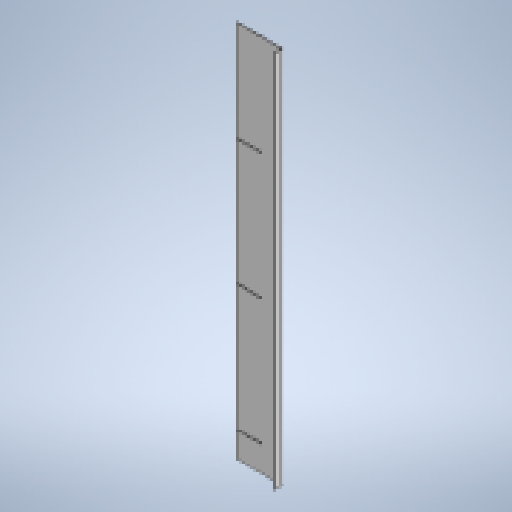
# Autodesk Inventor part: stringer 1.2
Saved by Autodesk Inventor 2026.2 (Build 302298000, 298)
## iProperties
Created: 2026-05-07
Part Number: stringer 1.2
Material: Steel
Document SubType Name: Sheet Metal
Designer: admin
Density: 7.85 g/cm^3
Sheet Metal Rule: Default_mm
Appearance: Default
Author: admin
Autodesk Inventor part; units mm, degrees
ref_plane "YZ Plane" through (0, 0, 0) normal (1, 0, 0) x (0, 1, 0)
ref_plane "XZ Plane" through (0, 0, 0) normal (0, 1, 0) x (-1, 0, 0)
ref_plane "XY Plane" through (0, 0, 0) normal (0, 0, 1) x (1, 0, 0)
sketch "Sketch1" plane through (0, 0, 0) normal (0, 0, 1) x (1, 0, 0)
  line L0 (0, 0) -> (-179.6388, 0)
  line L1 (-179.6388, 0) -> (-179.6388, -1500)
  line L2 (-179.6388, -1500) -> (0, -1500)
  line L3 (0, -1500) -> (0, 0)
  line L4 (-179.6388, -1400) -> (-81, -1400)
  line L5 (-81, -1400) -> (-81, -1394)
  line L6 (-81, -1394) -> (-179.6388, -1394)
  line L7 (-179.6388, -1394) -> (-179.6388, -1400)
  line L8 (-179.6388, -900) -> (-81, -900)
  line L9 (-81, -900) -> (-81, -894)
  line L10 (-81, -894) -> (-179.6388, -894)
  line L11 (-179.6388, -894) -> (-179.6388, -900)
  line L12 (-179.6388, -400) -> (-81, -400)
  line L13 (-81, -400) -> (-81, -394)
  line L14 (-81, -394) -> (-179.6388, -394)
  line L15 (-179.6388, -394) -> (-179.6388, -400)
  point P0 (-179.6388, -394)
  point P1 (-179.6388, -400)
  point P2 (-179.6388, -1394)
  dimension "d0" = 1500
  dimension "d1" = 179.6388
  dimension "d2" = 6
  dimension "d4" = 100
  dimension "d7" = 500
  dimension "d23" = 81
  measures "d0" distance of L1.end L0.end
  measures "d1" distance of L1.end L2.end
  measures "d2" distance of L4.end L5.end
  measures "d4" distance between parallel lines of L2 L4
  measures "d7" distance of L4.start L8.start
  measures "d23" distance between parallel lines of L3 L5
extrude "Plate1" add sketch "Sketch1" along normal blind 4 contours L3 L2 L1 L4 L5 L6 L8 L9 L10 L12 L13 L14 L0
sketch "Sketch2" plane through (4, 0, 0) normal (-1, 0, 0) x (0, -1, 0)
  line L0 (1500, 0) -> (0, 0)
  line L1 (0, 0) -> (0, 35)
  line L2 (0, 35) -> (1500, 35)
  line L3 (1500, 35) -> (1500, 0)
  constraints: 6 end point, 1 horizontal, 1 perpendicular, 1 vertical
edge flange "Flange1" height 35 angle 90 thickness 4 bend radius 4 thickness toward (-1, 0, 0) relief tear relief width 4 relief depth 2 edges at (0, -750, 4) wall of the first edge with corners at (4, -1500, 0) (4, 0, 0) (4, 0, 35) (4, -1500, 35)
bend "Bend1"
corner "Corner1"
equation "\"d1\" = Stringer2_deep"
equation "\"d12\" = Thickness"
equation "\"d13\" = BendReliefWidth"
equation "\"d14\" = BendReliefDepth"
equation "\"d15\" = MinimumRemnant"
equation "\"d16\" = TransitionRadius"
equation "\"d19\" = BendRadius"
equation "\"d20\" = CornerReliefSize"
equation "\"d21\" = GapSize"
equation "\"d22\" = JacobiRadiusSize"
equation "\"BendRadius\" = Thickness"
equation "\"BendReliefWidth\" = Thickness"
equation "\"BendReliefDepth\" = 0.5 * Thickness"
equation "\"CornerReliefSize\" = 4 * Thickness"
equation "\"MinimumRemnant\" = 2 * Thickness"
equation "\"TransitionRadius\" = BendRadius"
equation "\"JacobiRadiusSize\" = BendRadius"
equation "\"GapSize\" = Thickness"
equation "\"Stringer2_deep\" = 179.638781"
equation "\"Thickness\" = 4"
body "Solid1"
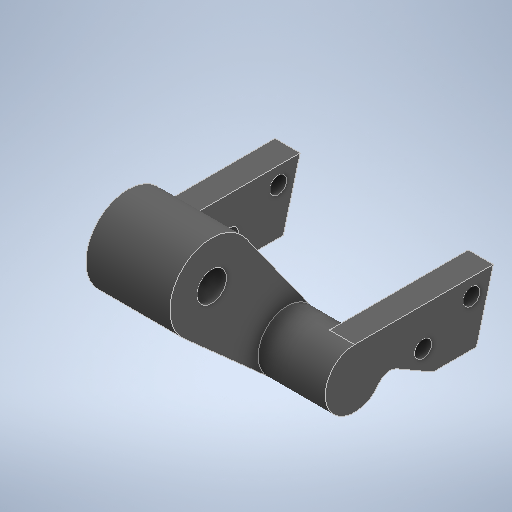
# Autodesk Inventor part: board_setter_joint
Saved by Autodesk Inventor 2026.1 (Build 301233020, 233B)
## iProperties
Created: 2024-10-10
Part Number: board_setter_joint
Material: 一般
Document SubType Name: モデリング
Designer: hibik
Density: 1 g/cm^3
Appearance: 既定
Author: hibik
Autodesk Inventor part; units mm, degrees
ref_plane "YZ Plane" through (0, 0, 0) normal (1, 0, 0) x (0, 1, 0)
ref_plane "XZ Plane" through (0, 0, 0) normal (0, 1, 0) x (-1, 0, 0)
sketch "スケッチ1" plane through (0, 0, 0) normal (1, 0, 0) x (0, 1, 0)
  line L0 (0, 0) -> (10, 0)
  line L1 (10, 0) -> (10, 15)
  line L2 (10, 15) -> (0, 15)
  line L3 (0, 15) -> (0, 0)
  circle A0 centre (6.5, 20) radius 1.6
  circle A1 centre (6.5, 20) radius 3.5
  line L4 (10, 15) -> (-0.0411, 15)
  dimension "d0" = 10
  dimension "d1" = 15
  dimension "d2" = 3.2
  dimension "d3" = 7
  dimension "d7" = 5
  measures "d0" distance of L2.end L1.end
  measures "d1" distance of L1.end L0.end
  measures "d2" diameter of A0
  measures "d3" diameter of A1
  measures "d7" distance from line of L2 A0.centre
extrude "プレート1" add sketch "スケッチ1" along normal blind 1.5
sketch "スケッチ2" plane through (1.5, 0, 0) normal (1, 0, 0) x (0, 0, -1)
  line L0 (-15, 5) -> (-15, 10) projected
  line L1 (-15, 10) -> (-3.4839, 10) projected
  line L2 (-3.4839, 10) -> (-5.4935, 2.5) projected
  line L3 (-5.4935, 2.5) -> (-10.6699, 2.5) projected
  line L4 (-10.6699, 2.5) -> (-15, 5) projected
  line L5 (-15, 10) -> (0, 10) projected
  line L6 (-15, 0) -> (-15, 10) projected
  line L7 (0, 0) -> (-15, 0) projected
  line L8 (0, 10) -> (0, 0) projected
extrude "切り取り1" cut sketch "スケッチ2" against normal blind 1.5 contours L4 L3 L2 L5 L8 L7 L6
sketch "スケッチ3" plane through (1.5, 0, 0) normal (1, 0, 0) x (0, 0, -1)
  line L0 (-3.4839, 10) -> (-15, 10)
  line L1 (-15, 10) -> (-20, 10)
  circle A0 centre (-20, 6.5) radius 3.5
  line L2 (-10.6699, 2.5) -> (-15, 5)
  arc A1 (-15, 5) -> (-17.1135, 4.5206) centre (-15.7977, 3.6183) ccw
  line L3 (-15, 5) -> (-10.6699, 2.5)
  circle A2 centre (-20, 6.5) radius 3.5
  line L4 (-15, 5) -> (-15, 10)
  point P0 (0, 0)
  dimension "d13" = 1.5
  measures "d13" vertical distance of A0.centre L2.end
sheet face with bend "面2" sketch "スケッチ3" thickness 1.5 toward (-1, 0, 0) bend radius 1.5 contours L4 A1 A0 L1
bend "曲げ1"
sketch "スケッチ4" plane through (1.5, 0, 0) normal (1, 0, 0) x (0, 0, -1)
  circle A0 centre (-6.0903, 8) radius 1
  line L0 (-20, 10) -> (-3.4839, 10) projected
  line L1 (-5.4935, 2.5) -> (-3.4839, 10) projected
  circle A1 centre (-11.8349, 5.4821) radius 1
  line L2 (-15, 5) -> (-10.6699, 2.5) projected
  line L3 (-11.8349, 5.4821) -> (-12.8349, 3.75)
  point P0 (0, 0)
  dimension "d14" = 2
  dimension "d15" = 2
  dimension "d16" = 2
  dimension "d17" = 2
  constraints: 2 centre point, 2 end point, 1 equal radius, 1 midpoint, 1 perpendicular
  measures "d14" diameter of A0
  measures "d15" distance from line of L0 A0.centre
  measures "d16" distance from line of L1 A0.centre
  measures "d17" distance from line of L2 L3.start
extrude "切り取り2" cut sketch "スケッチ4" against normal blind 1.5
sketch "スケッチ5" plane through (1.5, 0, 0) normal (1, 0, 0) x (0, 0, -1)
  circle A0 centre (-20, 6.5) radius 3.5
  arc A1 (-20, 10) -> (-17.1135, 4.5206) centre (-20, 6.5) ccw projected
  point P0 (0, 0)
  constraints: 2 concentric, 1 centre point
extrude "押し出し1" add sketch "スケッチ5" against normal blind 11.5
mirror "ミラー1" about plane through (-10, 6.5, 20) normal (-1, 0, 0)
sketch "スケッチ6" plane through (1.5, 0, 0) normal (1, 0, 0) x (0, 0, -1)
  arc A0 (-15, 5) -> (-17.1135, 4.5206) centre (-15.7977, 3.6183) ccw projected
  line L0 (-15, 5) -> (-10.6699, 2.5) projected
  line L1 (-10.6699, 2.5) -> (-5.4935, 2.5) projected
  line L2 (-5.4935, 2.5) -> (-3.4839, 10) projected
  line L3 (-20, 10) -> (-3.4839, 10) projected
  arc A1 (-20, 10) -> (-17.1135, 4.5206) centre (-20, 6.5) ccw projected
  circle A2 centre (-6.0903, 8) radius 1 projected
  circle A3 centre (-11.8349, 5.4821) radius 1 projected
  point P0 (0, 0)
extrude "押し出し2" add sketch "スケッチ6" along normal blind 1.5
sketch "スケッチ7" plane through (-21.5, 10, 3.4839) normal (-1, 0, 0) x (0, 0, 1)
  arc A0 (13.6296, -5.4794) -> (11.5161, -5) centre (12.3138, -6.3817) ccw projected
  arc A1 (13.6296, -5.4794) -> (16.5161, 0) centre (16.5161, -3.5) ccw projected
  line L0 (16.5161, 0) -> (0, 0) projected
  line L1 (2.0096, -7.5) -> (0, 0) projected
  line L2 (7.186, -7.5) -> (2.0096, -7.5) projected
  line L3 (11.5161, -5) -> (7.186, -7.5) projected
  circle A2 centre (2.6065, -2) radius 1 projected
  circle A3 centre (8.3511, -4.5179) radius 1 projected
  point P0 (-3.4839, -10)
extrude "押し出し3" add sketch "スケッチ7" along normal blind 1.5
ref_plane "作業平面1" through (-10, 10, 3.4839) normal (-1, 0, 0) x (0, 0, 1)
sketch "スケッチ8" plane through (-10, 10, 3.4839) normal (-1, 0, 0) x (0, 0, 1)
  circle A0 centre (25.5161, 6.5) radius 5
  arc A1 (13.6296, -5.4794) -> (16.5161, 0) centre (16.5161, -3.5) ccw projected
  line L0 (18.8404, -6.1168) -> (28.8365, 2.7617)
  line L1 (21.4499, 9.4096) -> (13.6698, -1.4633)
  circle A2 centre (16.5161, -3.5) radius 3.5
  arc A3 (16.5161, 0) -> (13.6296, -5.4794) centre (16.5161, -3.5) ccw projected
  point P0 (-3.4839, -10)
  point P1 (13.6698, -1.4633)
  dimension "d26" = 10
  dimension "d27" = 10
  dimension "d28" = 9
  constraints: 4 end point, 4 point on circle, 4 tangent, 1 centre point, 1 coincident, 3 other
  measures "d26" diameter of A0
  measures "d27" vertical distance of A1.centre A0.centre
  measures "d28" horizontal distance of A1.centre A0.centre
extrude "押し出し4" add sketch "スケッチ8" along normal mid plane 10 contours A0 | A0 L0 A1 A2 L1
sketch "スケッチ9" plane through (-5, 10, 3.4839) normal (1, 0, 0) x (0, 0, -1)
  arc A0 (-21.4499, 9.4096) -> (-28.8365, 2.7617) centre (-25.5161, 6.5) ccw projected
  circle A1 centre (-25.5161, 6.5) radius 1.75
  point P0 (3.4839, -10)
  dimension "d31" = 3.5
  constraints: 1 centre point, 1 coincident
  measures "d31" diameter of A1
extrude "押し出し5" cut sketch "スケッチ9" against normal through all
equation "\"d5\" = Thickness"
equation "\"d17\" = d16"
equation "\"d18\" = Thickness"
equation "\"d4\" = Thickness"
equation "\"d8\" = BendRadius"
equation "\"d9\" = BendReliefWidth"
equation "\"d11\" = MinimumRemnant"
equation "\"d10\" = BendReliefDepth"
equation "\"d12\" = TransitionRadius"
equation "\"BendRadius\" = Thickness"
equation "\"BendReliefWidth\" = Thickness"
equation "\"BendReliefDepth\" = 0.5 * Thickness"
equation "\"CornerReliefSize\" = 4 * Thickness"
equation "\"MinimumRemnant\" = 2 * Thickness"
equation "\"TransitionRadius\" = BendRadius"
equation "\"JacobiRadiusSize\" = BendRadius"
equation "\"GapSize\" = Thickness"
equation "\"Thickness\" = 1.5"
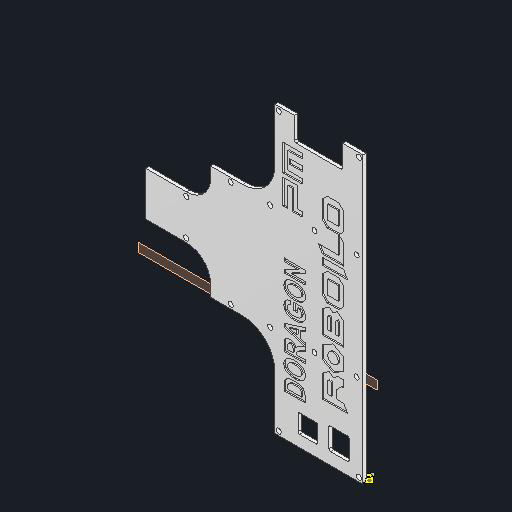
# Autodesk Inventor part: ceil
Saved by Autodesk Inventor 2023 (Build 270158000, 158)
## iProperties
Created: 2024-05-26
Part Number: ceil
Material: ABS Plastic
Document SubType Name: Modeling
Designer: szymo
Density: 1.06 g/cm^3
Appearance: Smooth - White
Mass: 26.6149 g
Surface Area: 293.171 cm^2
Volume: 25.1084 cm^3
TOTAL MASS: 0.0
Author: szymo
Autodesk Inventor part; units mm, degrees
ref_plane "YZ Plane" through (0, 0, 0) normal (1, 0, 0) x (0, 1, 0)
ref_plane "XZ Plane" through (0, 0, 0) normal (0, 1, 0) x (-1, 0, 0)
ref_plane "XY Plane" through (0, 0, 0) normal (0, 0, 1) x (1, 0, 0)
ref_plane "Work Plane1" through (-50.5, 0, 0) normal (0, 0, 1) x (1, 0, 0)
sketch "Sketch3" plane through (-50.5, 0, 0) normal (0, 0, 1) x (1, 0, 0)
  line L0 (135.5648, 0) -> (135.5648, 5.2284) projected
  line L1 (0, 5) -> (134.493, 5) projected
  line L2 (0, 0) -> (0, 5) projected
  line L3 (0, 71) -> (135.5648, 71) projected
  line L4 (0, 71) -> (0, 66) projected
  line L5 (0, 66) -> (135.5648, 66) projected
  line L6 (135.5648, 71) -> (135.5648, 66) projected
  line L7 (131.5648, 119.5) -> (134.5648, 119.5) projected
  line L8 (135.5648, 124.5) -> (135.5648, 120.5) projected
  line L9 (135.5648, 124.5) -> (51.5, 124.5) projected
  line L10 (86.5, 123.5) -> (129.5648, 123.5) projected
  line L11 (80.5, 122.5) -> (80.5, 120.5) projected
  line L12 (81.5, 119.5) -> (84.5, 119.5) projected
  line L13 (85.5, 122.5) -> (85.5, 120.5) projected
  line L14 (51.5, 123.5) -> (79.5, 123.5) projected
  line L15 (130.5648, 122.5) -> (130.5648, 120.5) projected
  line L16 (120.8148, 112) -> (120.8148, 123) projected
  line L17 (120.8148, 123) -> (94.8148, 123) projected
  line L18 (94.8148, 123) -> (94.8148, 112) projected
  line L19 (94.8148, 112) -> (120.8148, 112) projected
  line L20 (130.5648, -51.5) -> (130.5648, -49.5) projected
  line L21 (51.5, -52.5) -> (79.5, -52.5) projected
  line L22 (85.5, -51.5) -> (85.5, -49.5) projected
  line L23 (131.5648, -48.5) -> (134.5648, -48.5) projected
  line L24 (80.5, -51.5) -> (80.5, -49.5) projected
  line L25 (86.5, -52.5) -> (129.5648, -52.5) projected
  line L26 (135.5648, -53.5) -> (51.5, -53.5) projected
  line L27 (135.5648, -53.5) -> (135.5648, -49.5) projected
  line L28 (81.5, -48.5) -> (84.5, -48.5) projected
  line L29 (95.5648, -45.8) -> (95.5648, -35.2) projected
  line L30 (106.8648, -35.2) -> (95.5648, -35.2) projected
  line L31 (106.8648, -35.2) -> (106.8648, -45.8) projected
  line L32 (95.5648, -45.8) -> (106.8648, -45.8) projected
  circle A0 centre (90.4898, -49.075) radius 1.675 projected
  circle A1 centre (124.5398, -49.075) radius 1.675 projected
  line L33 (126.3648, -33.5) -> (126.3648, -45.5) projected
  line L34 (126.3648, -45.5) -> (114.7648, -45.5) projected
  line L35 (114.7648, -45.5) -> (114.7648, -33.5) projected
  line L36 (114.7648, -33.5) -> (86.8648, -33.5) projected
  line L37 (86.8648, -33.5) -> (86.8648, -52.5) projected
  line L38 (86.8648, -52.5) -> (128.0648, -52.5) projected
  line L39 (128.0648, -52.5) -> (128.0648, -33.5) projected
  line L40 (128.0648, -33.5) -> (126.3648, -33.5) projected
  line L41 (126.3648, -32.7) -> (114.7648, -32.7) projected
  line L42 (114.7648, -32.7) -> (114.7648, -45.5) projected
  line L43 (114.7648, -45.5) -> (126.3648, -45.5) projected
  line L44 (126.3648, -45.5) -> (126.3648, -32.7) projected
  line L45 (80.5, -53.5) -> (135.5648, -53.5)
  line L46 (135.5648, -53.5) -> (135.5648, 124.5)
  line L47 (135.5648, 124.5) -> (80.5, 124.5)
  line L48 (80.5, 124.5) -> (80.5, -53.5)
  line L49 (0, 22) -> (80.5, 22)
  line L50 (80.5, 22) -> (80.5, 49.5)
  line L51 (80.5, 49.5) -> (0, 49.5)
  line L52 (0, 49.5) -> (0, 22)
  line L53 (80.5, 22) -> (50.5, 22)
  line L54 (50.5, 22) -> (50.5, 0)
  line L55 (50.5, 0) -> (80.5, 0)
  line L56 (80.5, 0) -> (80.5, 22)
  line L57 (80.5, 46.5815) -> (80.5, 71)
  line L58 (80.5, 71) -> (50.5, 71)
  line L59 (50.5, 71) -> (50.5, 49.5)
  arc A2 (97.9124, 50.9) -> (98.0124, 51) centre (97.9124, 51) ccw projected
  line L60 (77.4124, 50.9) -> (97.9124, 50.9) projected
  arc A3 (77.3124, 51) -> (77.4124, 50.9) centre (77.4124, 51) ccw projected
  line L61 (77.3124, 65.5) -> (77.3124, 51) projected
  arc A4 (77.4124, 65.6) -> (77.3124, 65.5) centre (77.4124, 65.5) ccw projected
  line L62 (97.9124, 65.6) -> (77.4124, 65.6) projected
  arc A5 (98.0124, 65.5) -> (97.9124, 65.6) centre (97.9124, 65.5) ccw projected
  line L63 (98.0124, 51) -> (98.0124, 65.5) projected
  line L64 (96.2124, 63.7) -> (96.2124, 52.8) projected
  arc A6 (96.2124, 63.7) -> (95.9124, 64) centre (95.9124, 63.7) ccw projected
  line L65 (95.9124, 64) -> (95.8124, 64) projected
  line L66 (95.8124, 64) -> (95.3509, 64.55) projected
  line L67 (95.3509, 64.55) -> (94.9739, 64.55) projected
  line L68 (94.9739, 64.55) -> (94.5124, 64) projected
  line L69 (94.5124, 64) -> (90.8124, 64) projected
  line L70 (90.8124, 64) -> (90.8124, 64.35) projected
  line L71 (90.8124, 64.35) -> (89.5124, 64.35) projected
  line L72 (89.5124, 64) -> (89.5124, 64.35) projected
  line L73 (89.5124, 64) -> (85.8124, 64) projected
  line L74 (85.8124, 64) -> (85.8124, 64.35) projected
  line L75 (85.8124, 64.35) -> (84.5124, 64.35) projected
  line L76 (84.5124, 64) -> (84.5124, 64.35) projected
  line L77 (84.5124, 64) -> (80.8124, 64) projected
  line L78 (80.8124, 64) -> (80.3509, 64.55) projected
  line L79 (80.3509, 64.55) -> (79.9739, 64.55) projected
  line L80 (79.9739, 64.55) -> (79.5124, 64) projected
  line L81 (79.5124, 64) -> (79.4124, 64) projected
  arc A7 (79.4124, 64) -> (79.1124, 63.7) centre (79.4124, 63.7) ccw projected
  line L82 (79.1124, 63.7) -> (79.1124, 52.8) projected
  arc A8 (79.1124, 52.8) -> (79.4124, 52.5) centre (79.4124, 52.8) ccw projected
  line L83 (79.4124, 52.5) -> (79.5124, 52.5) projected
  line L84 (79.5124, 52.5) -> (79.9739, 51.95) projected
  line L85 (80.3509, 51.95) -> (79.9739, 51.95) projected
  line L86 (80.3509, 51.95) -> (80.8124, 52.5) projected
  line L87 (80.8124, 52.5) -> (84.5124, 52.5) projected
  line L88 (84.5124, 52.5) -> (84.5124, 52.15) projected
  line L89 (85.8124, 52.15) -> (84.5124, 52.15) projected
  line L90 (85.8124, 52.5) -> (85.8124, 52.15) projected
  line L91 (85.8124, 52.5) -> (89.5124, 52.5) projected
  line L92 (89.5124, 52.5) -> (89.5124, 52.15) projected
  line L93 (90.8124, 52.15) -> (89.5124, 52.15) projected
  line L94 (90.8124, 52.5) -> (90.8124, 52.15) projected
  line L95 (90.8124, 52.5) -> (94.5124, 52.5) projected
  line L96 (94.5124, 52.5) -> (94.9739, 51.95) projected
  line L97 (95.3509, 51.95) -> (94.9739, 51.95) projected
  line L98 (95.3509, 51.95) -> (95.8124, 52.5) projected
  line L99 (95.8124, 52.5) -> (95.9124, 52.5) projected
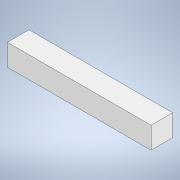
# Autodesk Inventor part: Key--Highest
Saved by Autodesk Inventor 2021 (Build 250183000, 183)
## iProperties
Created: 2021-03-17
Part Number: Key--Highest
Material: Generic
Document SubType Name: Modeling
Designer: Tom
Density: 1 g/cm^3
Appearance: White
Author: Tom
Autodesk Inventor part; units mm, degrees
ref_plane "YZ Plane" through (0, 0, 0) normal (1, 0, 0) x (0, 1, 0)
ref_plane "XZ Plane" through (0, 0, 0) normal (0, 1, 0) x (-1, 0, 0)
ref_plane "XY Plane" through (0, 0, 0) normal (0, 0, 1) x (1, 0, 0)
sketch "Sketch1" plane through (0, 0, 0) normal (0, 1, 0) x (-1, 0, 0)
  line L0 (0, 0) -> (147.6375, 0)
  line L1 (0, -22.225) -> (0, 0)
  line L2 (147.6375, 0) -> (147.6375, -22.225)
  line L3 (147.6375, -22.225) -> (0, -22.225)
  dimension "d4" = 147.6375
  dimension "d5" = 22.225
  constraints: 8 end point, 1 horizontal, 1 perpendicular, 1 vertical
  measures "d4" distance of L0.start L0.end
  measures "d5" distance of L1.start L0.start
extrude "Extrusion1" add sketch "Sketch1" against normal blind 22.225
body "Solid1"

• [Work to complete]: Begin at the first line of the records and please reproduce every line exactly through the one containing "line L12 (-179.6388, -400) -> (-81, -400)", leaving all pictures out.

• [Task answer]:
# Autodesk Inventor part: stringer 1.2
Saved by Autodesk Inventor 2026.2 (Build 302298000, 298)
## iProperties
Created: 2026-05-07
Part Number: stringer 1.2
Material: Steel
Document SubType Name: Sheet Metal
Designer: admin
Density: 7.85 g/cm^3
Sheet Metal Rule: Default_mm
Appearance: Default
Author: admin
Autodesk Inventor part; units mm, degrees
ref_plane "YZ Plane" through (0, 0, 0) normal (1, 0, 0) x (0, 1, 0)
ref_plane "XZ Plane" through (0, 0, 0) normal (0, 1, 0) x (-1, 0, 0)
ref_plane "XY Plane" through (0, 0, 0) normal (0, 0, 1) x (1, 0, 0)
sketch "Sketch1" plane through (0, 0, 0) normal (0, 0, 1) x (1, 0, 0)
  line L0 (0, 0) -> (-179.6388, 0)
  line L1 (-179.6388, 0) -> (-179.6388, -1500)
  line L2 (-179.6388, -1500) -> (0, -1500)
  line L3 (0, -1500) -> (0, 0)
  line L4 (-179.6388, -1400) -> (-81, -1400)
  line L5 (-81, -1400) -> (-81, -1394)
  line L6 (-81, -1394) -> (-179.6388, -1394)
  line L7 (-179.6388, -1394) -> (-179.6388, -1400)
  line L8 (-179.6388, -900) -> (-81, -900)
  line L9 (-81, -900) -> (-81, -894)
  line L10 (-81, -894) -> (-179.6388, -894)
  line L11 (-179.6388, -894) -> (-179.6388, -900)
  line L12 (-179.6388, -400) -> (-81, -400)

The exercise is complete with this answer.